Nor is it anti-Semitic—just the reverse, in fact. The Jews are the proverbial canaries in the coal mine of Western civilization, and the undeniable truth is that MAGA is not only pro-Israel but anti-anti-Semitic, and sometimes fervently so. For Jews (like myself) and philo-Semites who despise Trump and Trumpism, that is a jarring thing to admit. But if you cannot handle cognitive dissonance, you cannot think clearly about politics.

Analogies have their place, although they are most useful as a means of sharpening our understanding of what is different about the past (and the past is always different) rather than purporting to explain the present or predict the future. Sometimes, analogies help us ask the right questions as well.

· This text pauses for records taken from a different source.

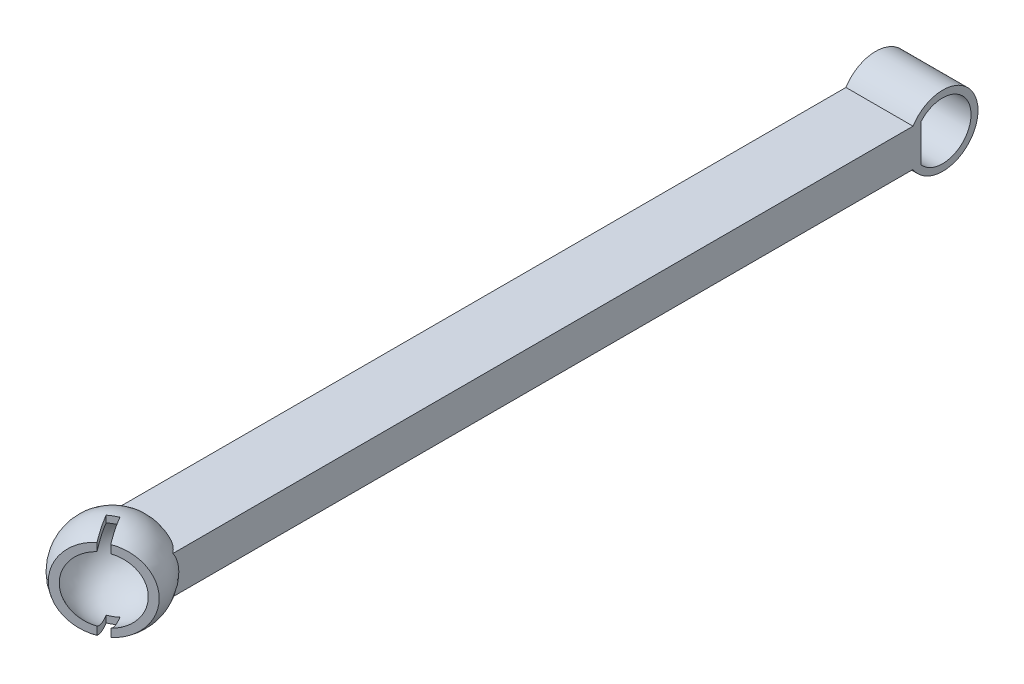
ISO-10303-21;
HEADER;
FILE_DESCRIPTION(('STEP AP214'),'2;1');
FILE_NAME('part.step','',(''),(''),'','','');
FILE_SCHEMA(('AUTOMOTIVE_DESIGN { 1 0 10303 214 1 1 1 1 }'));
ENDSEC;
DATA;
#1=APPLICATION_CONTEXT('core data for automotive mechanical design processes');
#2=APPLICATION_PROTOCOL_DEFINITION('international standard','automotive_design',2000,#1);
#3=PRODUCT_CONTEXT('',#1,'mechanical');
#4=PRODUCT('Part','Part','',(#3));
#5=PRODUCT_RELATED_PRODUCT_CATEGORY('part','',(#4));
#6=PRODUCT_DEFINITION_FORMATION('','',#4);
#7=PRODUCT_DEFINITION_CONTEXT('part definition',#1,'design');
#8=PRODUCT_DEFINITION('design','',#6,#7);
#9=PRODUCT_DEFINITION_SHAPE('','',#8);
#10=(LENGTH_UNIT() NAMED_UNIT(*) SI_UNIT(.MILLI.,.METRE.));
#11=(NAMED_UNIT(*) PLANE_ANGLE_UNIT() SI_UNIT($,.RADIAN.));
#12=(NAMED_UNIT(*) SI_UNIT($,.STERADIAN.) SOLID_ANGLE_UNIT());
#13=UNCERTAINTY_MEASURE_WITH_UNIT(LENGTH_MEASURE(1.E-05),#10,'distance_accuracy_value','');
#14=(GEOMETRIC_REPRESENTATION_CONTEXT(3) GLOBAL_UNCERTAINTY_ASSIGNED_CONTEXT((#13)) GLOBAL_UNIT_ASSIGNED_CONTEXT((#10,
#11,#12)) REPRESENTATION_CONTEXT('',''));
#15=CARTESIAN_POINT('',(0.,0.,0.));
#16=DIRECTION('',(0.,0.,1.));
#17=DIRECTION('',(1.,0.,0.));
#18=AXIS2_PLACEMENT_3D('',#15,#16,#17);
#19=CARTESIAN_POINT('',(-24.8547884615764,0.,113.899321100074));
#20=DIRECTION('',(0.499999999999998,0.,0.86602540378444));
#21=DIRECTION('',(0.86602540378444,0.,-0.499999999999998));
#22=AXIS2_PLACEMENT_3D('',#19,#20,#21);
#23=PLANE('',#22);
#24=DIRECTION('',(0.,-1.,0.));
#25=VECTOR('',#24,1.);
#26=CARTESIAN_POINT('',(-5.51062688470104,-23.9262644459295,102.730964206417));
#27=LINE('',#26,#25);
#28=CARTESIAN_POINT('',(-5.51062688470104,-13.5200077586692,102.730964206417));
#29=VERTEX_POINT('',#28);
#30=CARTESIAN_POINT('',(-5.51062688470103,-14.4817744480449,102.730964206417));
#31=VERTEX_POINT('',#30);
#32=EDGE_CURVE('E244',#29,#31,#27,.T.);
#33=ORIENTED_EDGE('',*,*,#32,.F.);
#34=CARTESIAN_POINT('',(-4.9996305065862,-18.3262644459295,102.435940309958));
#35=DIRECTION('',(0.499999999999998,0.,0.86602540378444));
#36=DIRECTION('',(0.86602540378444,0.,-0.499999999999998));
#37=AXIS2_PLACEMENT_3D('',#34,#35,#36);
#38=CIRCLE('',#37,4.84234031659929);
#39=CARTESIAN_POINT('',(-5.51062688470104,-23.1325211331898,102.730964206417));
#40=VERTEX_POINT('',#39);
#41=EDGE_CURVE('E165',#40,#29,#38,.F.);
#42=ORIENTED_EDGE('',*,*,#41,.F.);
#43=CARTESIAN_POINT('',(-5.51062688470103,-22.170754443814,102.730964206417));
#44=VERTEX_POINT('',#43);
#45=EDGE_CURVE('E157',#44,#40,#27,.T.);
#46=ORIENTED_EDGE('',*,*,#45,.F.);
#47=CARTESIAN_POINT('',(-4.9996305065862,-18.3262644459295,102.435940309958));
#48=DIRECTION('',(0.499999999999998,0.,0.86602540378444));
#49=DIRECTION('',(0.86602540378444,0.,-0.499999999999998));
#50=AXIS2_PLACEMENT_3D('',#47,#48,#49);
#51=CIRCLE('',#50,3.88950636222168);
#52=EDGE_CURVE('E166',#44,#31,#51,.F.);
#53=ORIENTED_EDGE('',*,*,#52,.T.);
#54=EDGE_LOOP('',(#33,#42,#46,#53));
#55=FACE_BOUND('',#54,.T.);
#56=ADVANCED_FACE('F37',(#55),#23,.T.);
#57=CARTESIAN_POINT('',(-6.40602130027024,-18.3262644459295,100.));
#58=DIRECTION('',(0.,1.,0.));
#59=DIRECTION('',(1.,0.,0.));
#60=AXIS2_PLACEMENT_3D('',#57,#58,#59);
#61=SPHERICAL_SURFACE('',#60,5.6);
#62=CARTESIAN_POINT('',(-6.9170176783851,-18.3262644459295,100.29502389646));
#63=DIRECTION('',(-0.86602540378444,0.,0.499999999999998));
#64=DIRECTION('',(0.499999999999998,0.,0.86602540378444));
#65=AXIS2_PLACEMENT_3D('',#62,#63,#64);
#66=CIRCLE('',#65,5.56882784812669);
#67=CARTESIAN_POINT('',(-7.01062688470102,-23.8919443566001,100.132887995064));
#68=VERTEX_POINT('',#67);
#69=EDGE_CURVE('E223',#40,#68,#66,.F.);
#70=ORIENTED_EDGE('',*,*,#69,.F.);
#71=ORIENTED_EDGE('',*,*,#41,.T.);
#72=CARTESIAN_POINT('',(-7.01062688470102,-12.7605845352588,100.132887995064));
#73=VERTEX_POINT('',#72);
#74=EDGE_CURVE('E146',#73,#29,#66,.F.);
#75=ORIENTED_EDGE('',*,*,#74,.F.);
#76=CARTESIAN_POINT('',(-6.49963050658617,-18.3262644459295,99.8378640986046));
#77=DIRECTION('',(0.499999999999994,0.,0.866025403784442));
#78=DIRECTION('',(0.866025403784442,0.,-0.499999999999994));
#79=AXIS2_PLACEMENT_3D('',#76,#77,#78);
#80=CIRCLE('',#79,5.59686959522657);
#81=CARTESIAN_POINT('',(-5.9713964001597,-12.7627307153722,99.5328879950642));
#82=VERTEX_POINT('',#81);
#83=EDGE_CURVE('E248',#73,#82,#80,.F.);
#84=ORIENTED_EDGE('',*,*,#83,.T.);
#85=CARTESIAN_POINT('',(-5.87778719384377,-18.3262644459295,99.6950238964595));
#86=DIRECTION('',(0.86602540378444,0.,-0.499999999999998));
#87=DIRECTION('',(-0.499999999999998,0.,-0.86602540378444));
#88=AXIS2_PLACEMENT_3D('',#85,#86,#87);
#89=CIRCLE('',#88,5.56668288166994);
#90=CARTESIAN_POINT('',(-4.47139640015971,-13.5224932141949,102.130964206417));
#91=VERTEX_POINT('',#90);
#92=EDGE_CURVE('E147',#91,#82,#89,.F.);
#93=ORIENTED_EDGE('',*,*,#92,.F.);
#94=CARTESIAN_POINT('',(-4.47139640015971,-23.130035677664,102.130964206417));
#95=VERTEX_POINT('',#94);
#96=EDGE_CURVE('E154',#91,#95,#38,.F.);
#97=ORIENTED_EDGE('',*,*,#96,.T.);
#98=CARTESIAN_POINT('',(-5.9713964001597,-23.8897981764867,99.5328879950642));
#99=VERTEX_POINT('',#98);
#100=EDGE_CURVE('E138',#99,#95,#89,.F.);
#101=ORIENTED_EDGE('',*,*,#100,.F.);
#102=EDGE_CURVE('E249',#99,#68,#80,.F.);
#103=ORIENTED_EDGE('',*,*,#102,.T.);
#104=EDGE_LOOP('',(#70,#71,#75,#84,#93,#97,#101,#103));
#105=FACE_BOUND('',#104,.T.);
#106=CARTESIAN_POINT('',(-10.4060213002702,-18.3262644459295,100.));
#107=DIRECTION('',(1.,0.,0.));
#108=DIRECTION('',(0.,1.,0.));
#109=AXIS2_PLACEMENT_3D('',#106,#107,#108);
#110=CIRCLE('',#109,3.91918358845309);
#111=CARTESIAN_POINT('',(-10.4060213002702,-20.5629394281161,96.7817263907399));
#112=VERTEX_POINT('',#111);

But for the most part, they are a distraction. Trump and Trumpism, the servility of the Republican Party, and the flight from a values-informed foreign policy are all thoroughly American phenomena, and need to be understood in that way. History can help us see not so much where we are going as how we got here, and the nature and magnitude of the political challenges we face.

Some Democratic politicians, such as Representative Richie Torres of New York, understand this, which is why they are using the moment to reflect on how their party lost the working class rather than to bleat in unremitting outrage. But there is much more to be done. How did the presidency end up with such excessive powers vis-à-vis Congress and the judiciary? Why have so many Americans come to mistrust the government’s expertise and its ability to serve them well? What led them to put in office for a second time an odious and erratic felon? The answers will not be found merely in excoriating one administration or two. These problems have been long in gestation, and only by acknowledging that can we reckon with them.

The despicable parts of the Trump enterprise are best understood in an American context, too—not through the framework of Mussolini’s goons administering castor oil to intellectuals, but rather through the cruelties of Andrew Jackson, America’s ur-populist, who presided over the Trail of Tears. Or think of the Palmer raids in 1919 and 1920, the FBI snooping on Martin Luther King Jr. (among others, to the fascination of the Kennedy administration), loyalty oaths, Ku Klux Klan marches, the incarceration of Japanese Americans during World War II—all of these help illustrate how America has gone astray in the past.

The personalities that so many find alarming in the Trump administration are best understood not as native variants of Martin Bormann and Nicolás Maduro, but as authentically American demagogues in the mold of Huey Long and Father Coughlin, not to mention business geniuses with wild and reprehensible ideas, such as Robert McCormick and Henry Ford. Indeed, it is only by seeing Trump’s subordinates and henchmen in their American context—in a land that has produced its share of racketeers, bullies, and thugs—that one can understand them at all.

For thoughtful patriots, the Trump moment needs also to be a reckoning with American history. We must come to accept that we are the country that was born with, and in some cases even embraced, the curse of slavery, but also with the principles that ultimately undermined it and which inspired the self-sacrifice of heroes who destroyed it. We despoiled much of our fabulous birthright of natural resources and beauty but also preserved huge swaths of it by creating the greatest national-park system in the world. We have supported dictators, and we have liberated nations. We produced Aaron Burr and George Washington, Preston Brooks and Abraham Lincoln, Donald Trump and John McCain. Historical analogies cause us to stare out the window, when what we really need to do is look in the mirror.